▸ **DIRECTIONS**
For the material that follows, list every line containing the word "Zero".

-- Opening Marker --

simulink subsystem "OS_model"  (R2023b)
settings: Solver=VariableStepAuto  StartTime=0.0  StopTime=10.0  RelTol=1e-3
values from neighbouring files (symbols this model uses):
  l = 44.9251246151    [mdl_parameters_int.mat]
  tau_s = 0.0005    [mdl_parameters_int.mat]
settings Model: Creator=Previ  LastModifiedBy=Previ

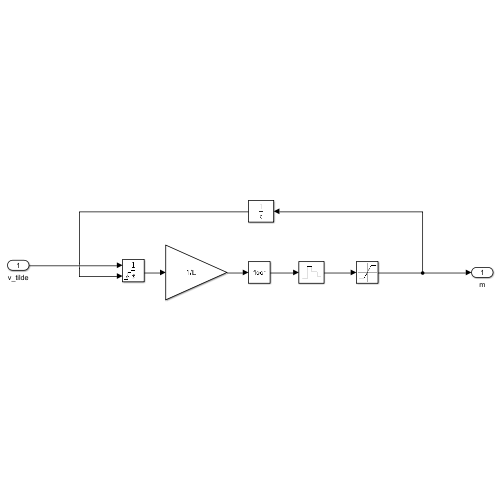
[thumbnail: Simulink's stored preview of the top-level diagram]
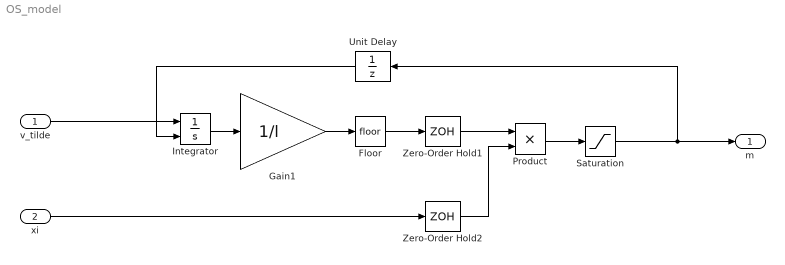
== system OS_model ==
  v_tilde : Inport  PortDimensions=[1, 1]
  xi : Inport  Port=2  PortDimensions=[1, 1]
  Floor : Rounding
  Gain1 : Gain  Gain=1/l
  Integrator : Integrator  ExternalReset=rising
  Product : Product
  Saturation : Saturate  UpperLimit=1  LowerLimit=0
  Unit Delay : UnitDelay  SampleTime=tau_s  HasFrameUpgradeWarning=on
  Zero-Order Hold1 : ZeroOrderHold  SampleTime=tau_s
  Zero-Order Hold2 : ZeroOrderHold  SampleTime=tau_s
  m : Outport  PortDimensions=[1, 1]
  wires:
  Saturation/1 -> m/1, Unit Delay/1
  Unit Delay/1 -> Integrator/2
  Floor/1 -> Zero-Order Hold1/1
  Gain1/1 -> Floor/1
  Integrator/1 -> Gain1/1
  Zero-Order Hold1/1 -> Product/1
  v_tilde/1 -> Integrator/1
  xi/1 -> Zero-Order Hold2/1
  Product/1 -> Saturation/1
  Zero-Order Hold2/1 -> Product/2

-- Closing Marker --

▸ **RESULT OF THE TASK**
  Zero-Order Hold1 : ZeroOrderHold  SampleTime=tau_s
  Zero-Order Hold2 : ZeroOrderHold  SampleTime=tau_s
  Floor/1 -> Zero-Order Hold1/1
  Zero-Order Hold1/1 -> Product/1
  xi/1 -> Zero-Order Hold2/1
  Zero-Order Hold2/1 -> Product/2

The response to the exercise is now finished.